[Final piece of the series, see first and second posts.]
The greater challenge with trying to create unlinkable user identifiers on the web is the ease of linking them online. Standard models of “linking” assume that the sites the user visited get together offline, long after the user has visited both of them, and try to ascertain whether two activity sequences they observed belong to the same users. It is relatively easy in this model to come up with ways of assigning identifiers to users that are deterministic, unique to each site and computationally difficult to link even when multiple sites collude.
Problem is, websites are not constrained to this simplistic attack model. Even today user tracking on the web involves a type collusion enabled by one of the elementary assumptions in HTML: any website is free to include content from any other website. That is by design. Any website can include an image, a frame, a video or song from another website. That means the web browser will automatically follow hypertext links crafted by one site and pointing to another website. That is a problem for privacy– a link can encode arbitrary information.
Consider an authentication system that assigns cryptographically unlinkable identifiers to users. The movie rental website knows this user as #123 while the bookstore knows her as #456. Enterprising marketing teams at these websites decide they want to collude and link user information. End goal is that the bookstore learns the users’ movie preferences and the video store gets an idea about her library, in the hopes they can create personalized offers. This is going to be a tall order when users are offline, because there is no unique identifier to key off. (Assuming we suspend disbelief– in reality credit card numbers or shipping addresses are the fly in the ointment as explained in the second part.) Instead they must capitalize on that window of opportunity when the user is online and logged into both sites.
Every page on the bookstore website has an image or other embedded content pointing to the video download site, and vice verse. Using transparent 1×1 images is customary for this purpose but such attempts at stealth are not required. The link for the embedded content contains the pairwise-unique identifier for the user observed by one site. When the user follows that link, they are going to be communicating two identifiers:
- First one is implicitly encoded in that link crafted by the sender, say #123. This is the identifier observed by the originating site and it will be encoded in the URL, or other piece of the request such as the form fields.

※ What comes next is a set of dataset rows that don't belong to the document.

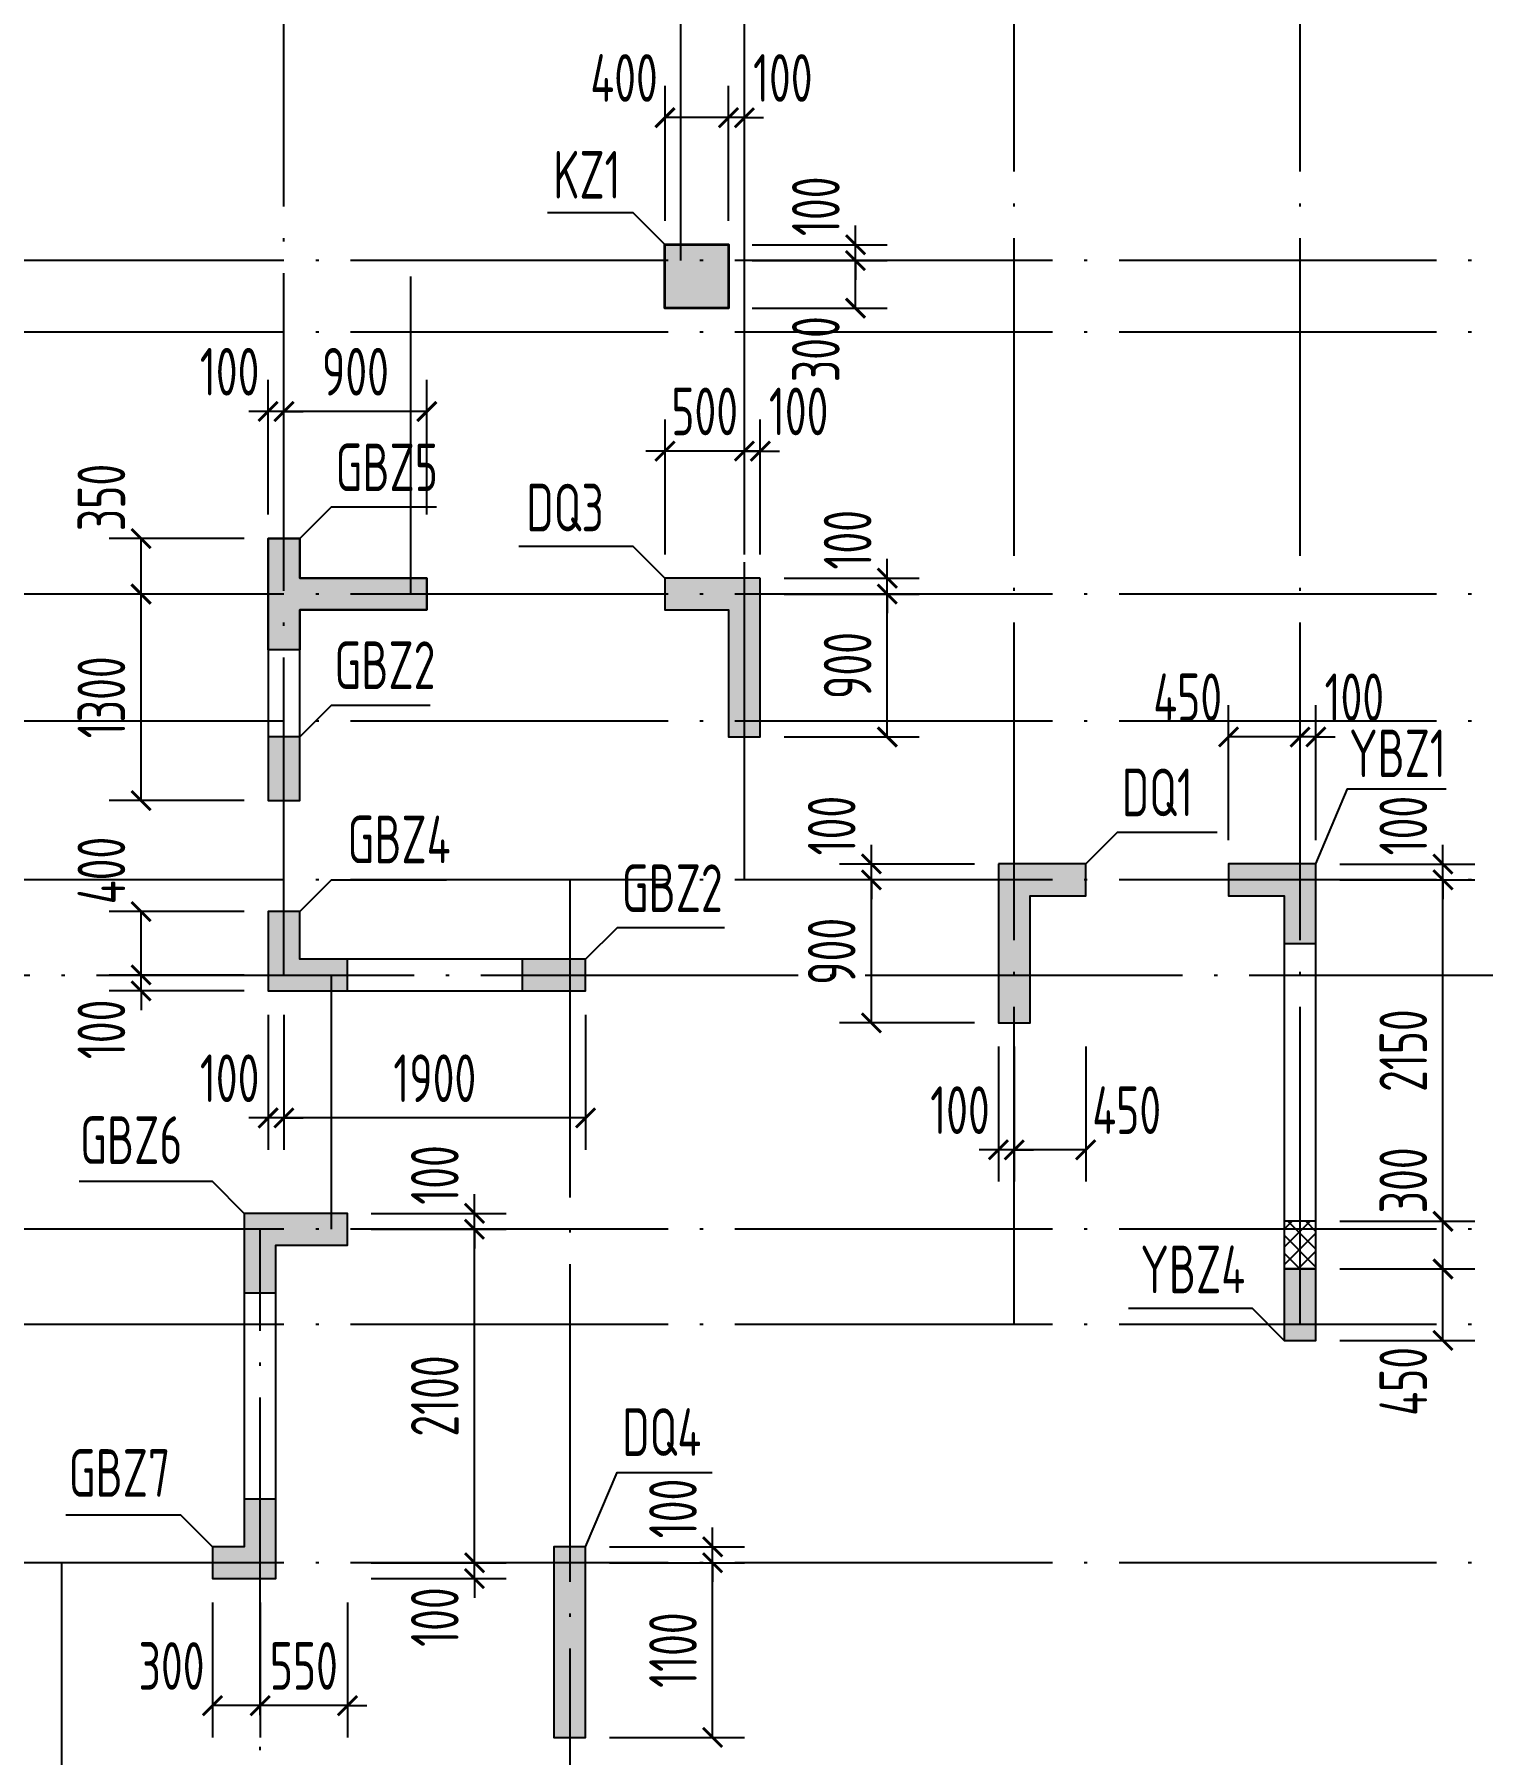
# Model space of a CAD drawing. Extents: x -668857 to 154266, y -275694 to 291306.
# Drawn here: x -301615 to -292493, y 133165 to 143997 of the extents above; entities that cross this region are included whole.
import ezdxf
from ezdxf.enums import TextEntityAlignment as Align

# ---------------------------------------------------------------- set-up
doc = ezdxf.new("R2010")
doc.units = 0
doc.header["$LTSCALE"] = 1000
doc.linetypes.add('DOTE', pattern=[2.42, 2, -0.2, 0.02, -0.2])
doc.layers.get('0').update_dxf_attribs({"linetype": 'CONTINUOUS'})
doc.layers.get('DEFPOINTS').update_dxf_attribs({"linetype": 'CONTINUOUS'})
for name, color, linetype in [('0z-约束构件', 1, 'CONTINUOUS'), ('A-DOTE', 10, 'DOTE'), ('COLU_DE_TEXT', 7, 'CONTINUOUS'), ('LABEL', 1, 'CONTINUOUS'), ('S-Q墙实线', 6, 'CONTINUOUS'), ('S-Q墙标注', 3, 'CONTINUOUS'), ('S-X详图填充', 252, 'CONTINUOUS'), ('S-X详图实线', 4, 'CONTINUOUS'), ('S-Z柱实线', 6, 'CONTINUOUS'), ('S-Z柱编号', 6, 'CONTINUOUS'), ('配箍校核', 34, 'CONTINUOUS')]:
    doc.layers.add(name, color=color, linetype=linetype)
doc.styles.add('TSSD_REIN', font='tssdeng.shx', dxfattribs={"width": 0.7, "height": 300, "bigfont": 'tssdchn.shx'})
doc.styles.add('结构文字', font='zstxt.shx', dxfattribs={"width": 0.7, "bigfont": 'zshz.shx'})
doc.dimstyles.new('STRUCK', dxfattribs={"dimtxt": 400, "dimasz": 121, "dimexe": 200, "dimexo": 150, "dimgap": 115, "dimtad": 1, "dimdec": 0, "dimdsep": 46, "dimtxsty": '结构文字', "dimblk": 'ARCHTICK', "dimcen": 400, "dimclrd": 3, "dimclre": 3, "dimclrt": 7, "dimadec": 0, "dimazin": 0, "dimtfac": 1, "dimtdec": 0, "dimtix": 1, "dimtmove": 2, "dimatfit": 3, "dimldrblk": '_DIMX', "dimfxl": 0, "dimtolj": 1, "dimtzin": 0, "dimarcsym": 0})

# ---------------------------------------------------------------- blocks, each defined once
blk = doc.blocks.new('20210726.16350016')
at = {"layer": 'A-DOTE'}
for p, q in [((43500, 13100.3), (43500, 21100)), ((46000, 17600), (46000, 21100)), ((46400, 13700), (46400, 21100)), ((48100, 10900), (48100, 21100)), ((49900, 10900), (49900, 21100)), ((55600, 17600), (3600, 17600)), ((44300, 15500), (44300, 17600)), ((55600, 17150), (3600, 17150)), ((55600, 15500), (3600, 15500)), ((55600, 14700), (3600, 14700)), ((55600, 13700), (3600, 13700)), ((45299.8, 13700), (45300, 3600)), ((3600, 13100.3), (55600, 13100.3)), ((43800, 11500), (43800, 13100)), ((55600, 11500), (3600, 11500)), ((43350, 3600), (43350, 11500)), ((55600, 10900), (3600, 10900)), ((55600, 9400), (3600, 9400)), ((42100, 9400), (42100, 3600))]:
    blk.add_line(p, q, dxfattribs=at)
blk = doc.blocks.new('_ArchTick')
at = {"color": 0, "linetype": 'ByBlock', "const_width": 0.15}
blk.add_lwpolyline([(-0.5, -0.5), (0.5, 0.5)], dxfattribs=at)
blk = doc.blocks.new('*D1599')
at = {"layer": 'DEFPOINTS', "color": 0}
for p in [(-298143, 134373), (-297343, 134373), (-298143, 133273)]:
    blk.add_point(p, dxfattribs=at)
at = {"layer": 'S-Q墙标注', "color": 3, "lineweight": -2}
for p, q in [((-297993, 134373), (-297143, 134373)), ((-297343, 133273), (-297343, 134373)), ((-297993, 133273), (-297143, 133273))]:
    blk.add_line(p, q, dxfattribs=at)
at = {"layer": 'S-Q墙标注', "color": 3, "lineweight": -2, "xscale": 121, "yscale": 121, "zscale": 121}
for p, rotation in [((-297343, 134373), 90), ((-297343, 133273), 270)]:
    blk.add_blockref('_ArchTick', p, dxfattribs=dict(at, rotation=rotation))
at = {"layer": 'S-Q墙标注', "color": 7, "insert": (-297593, 133823), "char_height": 300, "attachment_point": 5, "rotation": 90, "style": 'TSSD_REIN'}
blk.add_mtext('\\A1;1100', dxfattribs=at)
blk = doc.blocks.new('_DIMX')
blk.add_line((-150, 0), (150, 0))
at = {"const_width": 50}
blk.add_lwpolyline([(-70, -70), (70, 70)], dxfattribs=at)
blk = doc.blocks.new('*D1600')
at = {"layer": 'DEFPOINTS', "color": 0}
for p in [(-298143, 134473), (-297343, 134473), (-298143, 134373)]:
    blk.add_point(p, dxfattribs=at)
at = {"layer": 'S-Q墙标注', "color": 3, "lineweight": -2}
for p, q in [((-297343, 134473), (-297343, 134594)), ((-297993, 134473), (-297143, 134473)), ((-297343, 134373), (-297343, 134473)), ((-297993, 134373), (-297143, 134373)), ((-297343, 134373), (-297343, 134252))]:
    blk.add_line(p, q, dxfattribs=at)
at = {"layer": 'S-Q墙标注', "color": 3, "lineweight": -2, "xscale": 121, "yscale": 121, "zscale": 121}
for p, rotation in [((-297343, 134473), 270), ((-297343, 134373), 90)]:
    blk.add_blockref('_ArchTick', p, dxfattribs=dict(at, rotation=rotation))
at = {"layer": 'S-Q墙标注', "color": 7, "insert": (-297593, 134715), "char_height": 300, "attachment_point": 5, "rotation": 90, "style": 'TSSD_REIN'}
blk.add_mtext('\\A1;100', dxfattribs=at)
blk = doc.blocks.new('*D1605')
at = {"layer": 'DEFPOINTS', "color": 0}
for p in [(-293543, 136223), (-292743, 136223), (-293543, 135773)]:
    blk.add_point(p, dxfattribs=at)
at = {"layer": 'S-Q墙标注', "color": 3, "lineweight": -2}
for p, q in [((-293393, 136223), (-292543, 136223)), ((-292743, 135773), (-292743, 136223)), ((-293393, 135773), (-292543, 135773))]:
    blk.add_line(p, q, dxfattribs=at)
at = {"layer": 'S-Q墙标注', "color": 3, "lineweight": -2, "xscale": 121, "yscale": 121, "zscale": 121}
for p, rotation in [((-292743, 136223), 90), ((-292743, 135773), 270)]:
    blk.add_blockref('_ArchTick', p, dxfattribs=dict(at, rotation=rotation))
at = {"layer": 'S-Q墙标注', "color": 7, "insert": (-292993, 135515), "char_height": 300, "attachment_point": 5, "rotation": 90, "style": 'TSSD_REIN'}
blk.add_mtext('\\A1;450', dxfattribs=at)
blk = doc.blocks.new('*D1606')
at = {"layer": 'DEFPOINTS', "color": 0}
for p in [(-293543, 138773), (-292743, 138773), (-293543, 138673)]:
    blk.add_point(p, dxfattribs=at)
at = {"layer": 'S-Q墙标注', "color": 3, "lineweight": -2}
for p, q in [((-292743, 138773), (-292743, 138894)), ((-293393, 138773), (-292543, 138773)), ((-292743, 138673), (-292743, 138773)), ((-293393, 138673), (-292543, 138673)), ((-292743, 138673), (-292743, 138552))]:
    blk.add_line(p, q, dxfattribs=at)
at = {"layer": 'S-Q墙标注', "color": 3, "lineweight": -2, "xscale": 121, "yscale": 121, "zscale": 121}
for p, rotation in [((-292743, 138773), 270), ((-292743, 138673), 90)]:
    blk.add_blockref('_ArchTick', p, dxfattribs=dict(at, rotation=rotation))
at = {"layer": 'S-Q墙标注', "color": 7, "insert": (-292993, 139015), "char_height": 300, "attachment_point": 5, "rotation": 90, "style": 'TSSD_REIN'}
blk.add_mtext('\\A1;100', dxfattribs=at)
blk = doc.blocks.new('*D1607')
at = {"layer": 'DEFPOINTS', "color": 0}
for p in [(-293643, 139573), (-293643, 138773), (-293543, 138773)]:
    blk.add_point(p, dxfattribs=at)
at = {"layer": 'S-Q墙标注', "color": 3, "lineweight": -2}
for p, q in [((-293643, 138923), (-293643, 139773)), ((-293543, 138923), (-293543, 139773)), ((-293643, 139573), (-293764, 139573)), ((-293543, 139573), (-293643, 139573)), ((-293543, 139573), (-293422, 139573))]:
    blk.add_line(p, q, dxfattribs=at)
at = {"layer": 'S-Q墙标注', "color": 3, "lineweight": -2, "xscale": 121, "yscale": 121, "zscale": 121}
blk.add_blockref('_ArchTick', (-293643, 139573), dxfattribs=at)
at = {"layer": 'S-Q墙标注', "color": 3, "lineweight": -2, "xscale": 121, "yscale": 121, "zscale": 121, "rotation": 180}
blk.add_blockref('_ArchTick', (-293543, 139573), dxfattribs=at)
at = {"layer": 'S-Q墙标注', "color": 7, "insert": (-293301, 139823), "char_height": 300, "attachment_point": 5, "style": 'TSSD_REIN'}
blk.add_mtext('\\A1;100', dxfattribs=at)
blk = doc.blocks.new('*D1608')
at = {"layer": 'DEFPOINTS', "color": 0}
for p in [(-294093, 139573), (-294093, 138773), (-293643, 138773)]:
    blk.add_point(p, dxfattribs=at)
at = {"layer": 'S-Q墙标注', "color": 3, "lineweight": -2}
for p, q in [((-294093, 138923), (-294093, 139773)), ((-293643, 138923), (-293643, 139773)), ((-293643, 139573), (-294093, 139573))]:
    blk.add_line(p, q, dxfattribs=at)
at = {"layer": 'S-Q墙标注', "color": 3, "lineweight": -2, "xscale": 121, "yscale": 121, "zscale": 121, "rotation": 180}
blk.add_blockref('_ArchTick', (-294093, 139573), dxfattribs=at)
at = {"layer": 'S-Q墙标注', "color": 3, "lineweight": -2, "xscale": 121, "yscale": 121, "zscale": 121}
blk.add_blockref('_ArchTick', (-293643, 139573), dxfattribs=at)
at = {"layer": 'S-Q墙标注', "color": 7, "insert": (-294351, 139823), "char_height": 300, "attachment_point": 5, "style": 'TSSD_REIN'}
blk.add_mtext('\\A1;450', dxfattribs=at)
blk = doc.blocks.new('*D1609')
at = {"layer": 'DEFPOINTS', "color": 0}
for p in [(-296343, 138673), (-295543, 138673), (-295543, 137773)]:
    blk.add_point(p, dxfattribs=at)
at = {"layer": 'S-Q墙标注', "color": 3, "lineweight": -2}
for p, q in [((-295693, 138673), (-296543, 138673)), ((-296343, 137773), (-296343, 138673)), ((-295693, 137773), (-296543, 137773))]:
    blk.add_line(p, q, dxfattribs=at)
at = {"layer": 'S-Q墙标注', "color": 3, "lineweight": -2, "xscale": 121, "yscale": 121, "zscale": 121}
for p, rotation in [((-296343, 138673), 90), ((-296343, 137773), 270)]:
    blk.add_blockref('_ArchTick', p, dxfattribs=dict(at, rotation=rotation))
at = {"layer": 'S-Q墙标注', "color": 7, "insert": (-296593, 138223), "char_height": 300, "attachment_point": 5, "rotation": 90, "style": 'TSSD_REIN'}
blk.add_mtext('\\A1;900', dxfattribs=at)
blk = doc.blocks.new('*D1610')
at = {"layer": 'DEFPOINTS', "color": 0}
for p in [(-296343, 138773), (-295543, 138773), (-295543, 138673)]:
    blk.add_point(p, dxfattribs=at)
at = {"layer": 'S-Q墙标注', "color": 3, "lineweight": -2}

- Second identifier is explicitly asserted in the authentication protocol used by the destination. This is the identifier associated with the destination, say #456.
At this point the destination site has enough information to link the two: user #123 at the bookstore is same person as user #456 over here. Once that association is made, databases can be joined offline: everything about her book purchases can be joined against everything known about her tastes in bad 1980s cinema.
Granted this attack has some significant limitations: the user must be authenticated at both sites at simultaneously, or at least have some persistent identifier (such as a cookie) stored on both sides that encodes their identity. This turns out not to be a significant limitation, since users do authenticate to multiple sites in a single browser session, and in any case they need to fall into this trap just once for the permanent linkage to be created. A bigger problem is that linkage is limited to a pair of websites only. If 10 websites need to collude, there are 45 pairs of identifiers to sort out so this approach implemented naively would not scale.
Fortunately or unfortunately depending on the perspective, having each pair of websites in the conspiracy link identifiers is not necessary. A much simpler solution is to designate a single tracking agent against which everyone else’s identifiers are linked. Every website embeds content from this one site, which observes and stores all of the identity pairs observed together.
In the real world of course such tracking agents go by a more mundane name: advertising network. Display advertising networks have the unique benefit that they in fact appear as embedded content any number of websites, by design. Any time a user is authenticated to multiple sites and these sites contain third-party content hosted by the network, there is an opportunity to link the two identities together. In fact explicit authentication to the advertising network is not required: even a weak, temporary identity such as session cookie works: anytime more than one external ID is observed, that creates a permanent record. If the network observes #123 and #456 appearing in one session today, and sees #456 and #987 in an independent session tomorrow, the conclusion is all three identities are linked.
What this suggests is that until automatic loading of embedded content on pages is controlled better, unlinkable identities will be facing an uphill battle against one of the basic design principles behind the web.